4. A carbon dioxide underground storage system according to claim 1, wherein the production fluid processing device further comprises a dryer for drying carbonates and a grinder for grinding carbonates.
5. A carbon dioxide underground storage system according to claim 1, wherein the control device comprises one or more types selected from the group consisting of a pH sensor, a pressure sensor, and a carbon dioxide concentration sensor.
6. In paragraph 1, the injection well is installed in a geological layer with a depth of 1,000 to 2,000 m, and A carbon dioxide underground storage system in which the production well is installed at a depth of 50 to 100 m relative to the location where the injection well is installed, and the horizontal distance between the location where the injection well and the production well are installed is 500 to 1000 m.
7. A method of operating a carbon dioxide underground storage system according to any one of paragraphs 1 to 6, Step S1 of injecting a pH adjustment solution into the stratum; Step S2, in which carbon dioxide is injected into the above stratum to induce a carbonate mineralization reaction within the stratum; Step S3 for recovering the fluid remaining after the above carbonate mineralization reaction; Step S4 of separating at least one of carbonate particles, dissolved carbonate ions, and bicarbonate ions from the recovered fluid; and A method for operating a carbon dioxide underground storage system, comprising step S5 of controlling one or more conditions selected from the group consisting of pH, pressure, and carbon dioxide concentration of a fluid within a geological layer.
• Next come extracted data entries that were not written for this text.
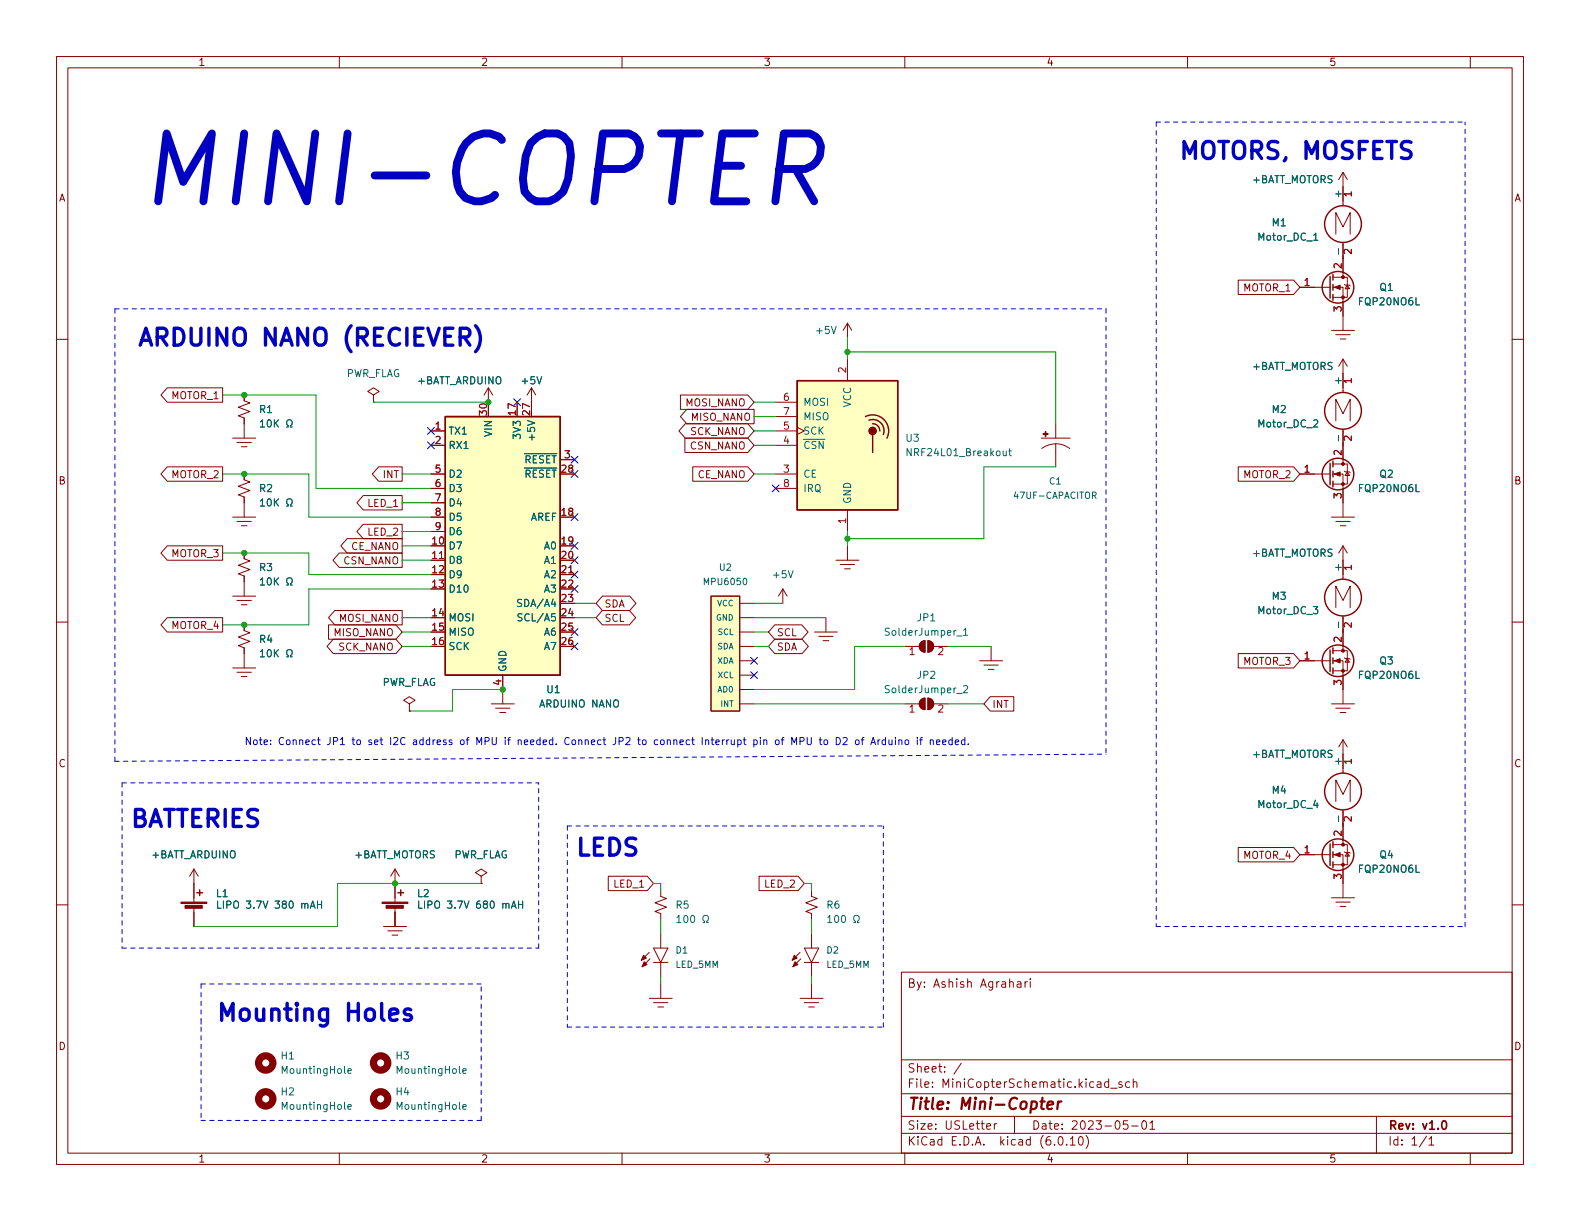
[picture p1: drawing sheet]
<svg xmlns="http://www.w3.org/2000/svg" width="279mm" height="216mm" viewBox="0 0 279 216" stroke-linecap="round" stroke-linejoin="round" font-family="sans-serif">
<g fill="none" stroke="#840000" stroke-width=".18">
<path d="M10 10h259.4v195.9h-259.4zM12 12h255.4v191.9h-255.4zM60 10v2M110 10v2M160 10v2M210 10v2M260 10v2M237.5 30.5v5.9M237.5 30.5l-.8 1.3M237.5 30.5l.8 1.3M10 60h2M149.9 57.2v2.5"/>
<path d="M149.9 57.2l-.8 1.2M149.9 57.2l.7 1.2M219 49.5h9.8l1.1 1.3-1.1 1.3h-9.8zM229.9 50.8h5.3M235.5 58.4h4M235.7 50.8h1.8v7.6M235.7 49h2.6v3.6h-2.6M236.2 41.4v-3.8l1.3 2.5 1.3-2.5v3.8M236.2 59.2h2.6M237 59.9h1M237.5 42.9v6.1M237.7 50.3l.2 .1h.7l.2 .1"/>
<path d="M238.3 50.4l.3 .7h-.7zM267.4 60h2M29.6 68.6h9.8v2.5h-9.8l-1.1-1.2zM41.1 77.5h4.1M41.9 78.2h2.5M42.7 79h1M43.2 69.9v1l1 .3-2 .8 2 .8-2 .7 1 .4v3.6M66 69.9l1.1-.7-1.1-.6-1 .6 1 .7v1.2M66 71.1h.1M76.2 78.7h2.5M76.2 76.2h2.5M86.4 68.6l-.8 1.3"/>
<path d="M86.4 68.6v2.5M86.4 68.6l.7 1.3M94 68.6l-.8 1.3M94 68.6v2.5M94 68.6l.7 1.3M120.3 69.8h11.9l1.1 1.3-1.1 1.3h-11.9zM121.1 77.5h11.1l1.1 1.2-1.1 1.3h-11.1zM121.2 74.9h11l1.1 1.3-1.1 1.3h-11l-1.1-1.3zM121.4 72.4h11.9v2.5h-11.9l-1.1-1.2zM137.2 78.7h3.8M137.2 76.2h3.8M137.2 71.1h3.8"/>
<path d="M137.2 73.7h3.8M141 75.6l1.2 .6-1.2 .6M149.9 63.5v3.8M184.1 77.5h5.1M186.7 78.5a4.2 4.2 0 0 0-2.5 .8M186.7 74.9v2.6M186.7 78.5v4.1M186.7 78.5a4.1 4.1 0 0 1 2.5 .8M236.2 74.4v-3.8l1.3 2.6 1.3-2.6v3.8M237.5 63.5v5.9M237.5 75.9v6.1M237.5 63.5l-.8 1.3"/>
<path d="M237.5 63.5l.8 1.3M29.6 96.5h9.8v2.6h-9.8l-1.1-1.3zM29.6 82.5h9.8v2.6h-9.8l-1.1-1.3zM41.1 91.4h4.1M41.9 92.2h2.5M42.7 93h1M43.2 97.8v1l1 .4-2 .7 2 .8-2 .8 1 .4v3.5M43.2 83.8v1l1 .4-2 .8 2 .7-2 .8 1 .4v3.5M60 97.8h11.1v2.5h-11.1l-1.1-1.2zM61.4 95.2h9.7v2.6h-9.7l-1.1-1.3zM64.2 87.6h6.9v2.6h-6.9l-1.1-1.3zM64.2 92.7h6.9v2.6h-6.9l-1.1-1.3z"/>
<path d="M66.9 82.5h4.2v2.6h-4.2l-1.1-1.3zM76.2 91.4h2.5M76.2 83.8h2.5M76.2 86.4h2.5M76.2 99.1h2.5M76.2 88.9h2.5M76.2 94h2.5M99.1 81.3h2.5M122.5 82.5h9.7l1.1 1.3-1.1 1.3h-9.7zM137.2 83.8h3.8M137.2 86.4h3.8M147.8 99.1h4.1"/>
<path d="M148.6 99.8h2.5M149.9 90.2v3.8M149.9 96.5v2.6M219 82.5h9.8l1.1 1.3-1.1 1.3h-9.8zM229.9 83.8h5.3M235.5 91.4h4M235.7 83.8h1.8v7.6M235.7 82h2.6v3.6h-2.6M236.2 92.2h2.6M237 93h1M237.5 96.5l-.8 1.3M237.5 96.5v5.9"/>
<path d="M237.5 96.5l.8 1.3M237.7 83.3l.2 .1h.7l.2 .2M238.3 83.4l.3 .7h-.7zM10 110h2M29.6 109.2h9.8v2.6h-9.8l-1.1-1.3zM41.1 105.4h4.1M41.1 118.1h4.1M41.9 106.2h2.5M41.9 118.9h2.5M42.7 106.9h1M42.7 119.6h1M43.2 110.5v1l1 .4-2 .7 2 .8-2 .8 1 .4v3.5"/>
<path d="M58.1 110.5h11.9l1.1 1.3-1.1 1.2h-11.9zM58.9 113h11.1l1.1 1.3-1.1 1.3h-11.1l-1.1-1.3zM59.2 107.9h11.9v2.6h-11.9l-1.1-1.3zM88.9 119.4v5.1M99.1 101.6h2.5M106.5 107.9h4.8l1.1 1.3-1.1 1.3h-4.8l-1.1-1.3zM106.5 105.4h4.9l1.1 1.3-1.1 1.3h-4.9l-1.1-1.3zM125.7 105.4h5.1v20.3h-5.1zM130.8 116.8h2.5M130.8 114.3h2.5M130.8 111.8h2.5M130.8 106.7h2.5"/>
<path d="M130.8 109.2h2.5M130.8 119.4h2.5M137 113h4.8l1.2 1.3-1.2 1.3h-4.8l-1.1-1.3zM137 110.5h4.8l1.1 1.3-1.1 1.2h-4.8l-1.1-1.2zM138.4 104.1l-.7 1.3M138.4 104.1v2.6M138.4 104.1l.8 1.3M144 111.8h4.1M144.8 112.5h2.5M145.5 113.3h1.1M146 109.2v2.6M149.4 100.6h1"/>
<path d="M160 114.3h2.6M162.9 113.6l.7-.3v2a1.02 1.02 0 0 1-1-.6 1.02 1.02 0 0 1 .3-1.1zM164.1 113.3a1.02 1.02 0 0 1 1 1 1.02 1.02 0 0 1-1 1zM165.1 114.3h2.5M173.2 116.8h4.1M174 117.6h2.5M174.8 118.4h1M175.3 114.3v2.5M219 115.6h9.8l1.1 1.2-1.1 1.3h-9.8zM229.9 116.8h5.3M235.7 116.8h1.8v7.7M235.7 115.1h2.6v3.5h-2.6"/>
<path d="M236.2 107.4v-3.8l1.3 2.6 1.3-2.6v3.8M237.5 108.9v6.2M237.7 116.3l.2 .2h.7l.2 .1M238.3 116.5l.3 .6h-.7zM267.4 110h2M72.4 124.5l1-.7-1-.6-1 .6 1 .7v1.2M72.4 125.7h.1M86.9 124.5h4M87.6 125.2h2.6M88.4 126h1M130.8 124.5h2.5M130.8 121.9h2.5"/>
<path d="M160 124.5h2.6M162.9 123.7l.7-.3v2.1a1.02 1.02 0 0 1-1-.7 1.02 1.02 0 0 1 .3-1.1zM164.1 123.4a1.02 1.02 0 0 1 1 1.1 1.02 1.02 0 0 1-1 1zM165.1 124.5h2.5M175.1 123.2h4.2v2.5h-4.2l-1.1-1.2zM235.5 124.5h4M236.2 125.2h2.6M237 126h1M237.5 130.8v5.9M237.5 130.8l-.8 1.3M237.5 130.8l.8 1.3M10 160h2"/>
<path d="M34.3 153.7v5.8M34.3 153.7l-.8 1.2M34.3 153.7l.8 1.2M69.8 153.7v5.8M69.8 153.7l-.7 1.2M69.8 153.7l.8 1.2M85.1 154.9l1-.6-1-.6-1 .6 1 .6v1.3M85.1 156.2h.1M107.6 154.9h6.9l1.1 1.3-1.1 1.3h-6.9zM116.8 157.5v1l1.1 .4-2.1 .7 2.1 .8-2.1 .8 1 .3v1.1M134.2 154.9h6.9l1.1 1.3-1.1 1.3h-6.9zM143.5 157.5v1l1 .4-2 .7 2 .8-2 .8 1 .3v1.1"/>
<path d="M219 149.9h9.8l1.1 1.2-1.1 1.3h-9.8zM229.9 151.1h5.3M235.5 158.8h4M235.7 151.1h1.8v7.7M235.7 149.4h2.6v3.5h-2.6M236.2 141.7v-3.8l1.3 2.6 1.3-2.6v3.8M236.2 159.5h2.6M237.5 143.2v6.2M237.7 150.6l.2 .1h.7l.2 .2M238.3 150.7l.3 .7h-.7zM267.4 160h2M34.3 160.5v3.3"/>
<path d="M67.8 163.8h4.1M68.6 164.6h2.5M69.3 165.4h1.1M69.8 160.5v3.3M114.8 176.5h4.1M114.8 168.4l-1.4 1.4M114.9 169.5l-1.4 1.4M115.6 177.3h2.5M115.6 170.2h2.5M115.6 167.6h2.5l-1.3 2.6zM116.3 178.1h1M116.8 165.1v2.5"/>
<path d="M116.8 170.2v2.5M116.8 174v2.5M141.5 176.5h4M141.5 168.4l-1.4 1.4M141.6 169.5l-1.4 1.4M142.2 177.3h2.6M142.2 170.2h2.6M142.2 167.6h2.6l-1.3 2.6zM143 178.1h1M143.5 165.1v2.5M143.5 170.2v2.5M143.5 174v2.5"/>
<path d="M159.4 171.9h108v32h-108zM179.9 173.6h.6v1M180.5 173.9l-.5 .1a.29 .29 0 0 0-.2 .3 .29 .29 0 0 0 .2 .3l.5-.1M181.3 173.6v1M181.7 173.6h-.3l-.1 .3M182.2 173.1v.1M182.2 173.6v1M237 160.3h1M159.4 197.4h108M159.4 193.4h108M159.4 187.4h108M170 188l-1.3 1.9"/>
<path d="M174.5 199.2l.7-.2-.1-.3h-.4l-.2 .2v.7h.6M175.8 198.7v1M176.3 198.7h-.3l-.2 .3M179.4 197.4v3M196 191.4l-.4-.1-.3 .3v.4l.2 .2h.5M196 190.8v1.5M196.4 192.4h1.1M198.4 191.4l-.4-.1-.2 .2 .1 .2 .5 .2v.3h-.6M199.4 198.2h-.7l-.1 .7 .2-.2 .5 .1 .2 .2-.1 .5-.2 .2-.6-.2M199.8 191.4l-.5-.1-.3 .3v.4l.2 .2h.6M200.1 199.1h1.2M200.4 191.4l.2-.1 .4 .1v.9"/>
<path d="M200.4 190.8v1.5M202.1 198.2h.2a.81 .81 0 0 1 .5 .6 .81 .81 0 0 1-.3 .8l-.1 .1a.81 .81 0 0 1-.6-.6 .81 .81 0 0 1 .3-.9zM203.3 198.6l.5-.4v1.5M203.3 199.7h.9M243.4 197.4v6.5M60 203.9v2M110 203.9v2M159.4 200.4h108M160 203.9v2M187.3 201h.2a.81 .81 0 0 1 .6 .6 .81 .81 0 0 1-.3 .8l-.2 .1a.81 .81 0 0 1-.6-.6 .81 .81 0 0 1 .3-.9zM188.6 202.3v.2M189.3 201.4l.4-.4v1.5"/>
<path d="M189.3 202.5h.8M190.9 201h.1a.81 .81 0 0 1 .6 .6 .81 .81 0 0 1-.3 .8l-.1 .1a.81 .81 0 0 1-.6-.6 .81 .81 0 0 1 .3-.9zM192 200.8a1.72 1.72 0 0 1 0 2.2M210 203.9v2M252.3 200.9l-1.3 1.9M252.7 201.4l.4-.4v1.5M252.7 202.5h.8M260 203.9v2"/>
</g>
<path d="M255.2 198.2h.1a.81 .81 0 0 1 .6 .6 .81 .81 0 0 1-.3 .8l-.1 .1a.81 .81 0 0 1-.6-.6 .81 .81 0 0 1 .3-.9z" fill="none" stroke="#840000" stroke-width=".3"/>
<path d="M184 194.8h.7M184.4 194.1l-.3 1.7 .1 .2 .4 .1M185.2 195.4l1-.2v-.3l-.2-.1-.6 .1-.2 .9 .2 .3 .6-.1M187.1 194.8l-.1 1.3M187.7 194.8l-.4 .1-.2 .3" fill="none" stroke="#840000" stroke-width=".4"/>
<g fill="none" stroke="#840000" stroke-width=".25">
<path d="M235.2 48.9v3.8M235.7 48.5v1M235.7 50.3v1M235.7 52.1v1M78.7 73.7h20.4v45.7h-20.4zM141 67.3h17.7v22.9h-17.7zM153 73.7a2.84 2.84 0 0 1 3.3 .5 2.84 2.84 0 0 1 .5 3.3M153.7 74.3a1.99 1.99 0 0 1 2 .5 1.99 1.99 0 0 1 .5 2M154.3 74.9a1.23 1.23 0 0 1 1.3 1.3M154.3 76.8v3.2M235.2 81.9v3.8M235.7 81.5v1.1"/>
<path d="M235.7 83.3v1M235.7 85.1v1M235.2 114.9v3.8M235.7 114.6v1M235.7 116.3v1M235.7 118.1v1M34.8 157.9h1M35.3 157.4v1M70.4 157.9h1M70.9 157.4v1M235.2 149.2v3.8M235.7 148.8v1.1"/>
<path d="M235.7 150.6v1M235.7 152.4v1"/>
<circle cx="237.5" cy="39.6" r="3.3"/>
<circle cx="236.6" cy="50.8" r="2.79"/>
<circle cx="237.5" cy="72.6" r="3.3"/>
<circle cx="236.6" cy="83.8" r="2.79"/>
<circle cx="236.6" cy="116.8" r="2.79"/>
<circle cx="237.5" cy="105.7" r="3.3"/>
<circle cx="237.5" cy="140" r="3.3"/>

8. In claim 7, the pH adjusting solution is a mixture of an aqueous PIPES solution and water ammonia mixed in a volume ratio of 3:1 to 1:1, and The concentration of PIPES in the above PIPES aqueous solution is 0.1M to 0.5M, and A method of operating a carbon dioxide underground storage system, wherein the concentration of ammonia in the above ammonia solution is 0.1M to 0.3M.
9. In claim 8, the above S5 step includes a step of controlling the pH of a fluid within the stratum, and the step of controlling the pH is: (i) a step of measuring the pH of the fluid within the strata; (ii) includes a step of adjusting the pH when the measured pH falls outside a predetermined pH range, and The above (ii) step is: (ii-a) a step of reducing the proportion of ammonia water in the pH adjustment solution when the measured pH exceeds a predetermined upper threshold; and (ii-b) A method of operating a carbon dioxide underground storage system comprising the step of increasing the proportion of ammonia water in the pH control solution when the measured pH is below a predetermined lower threshold value.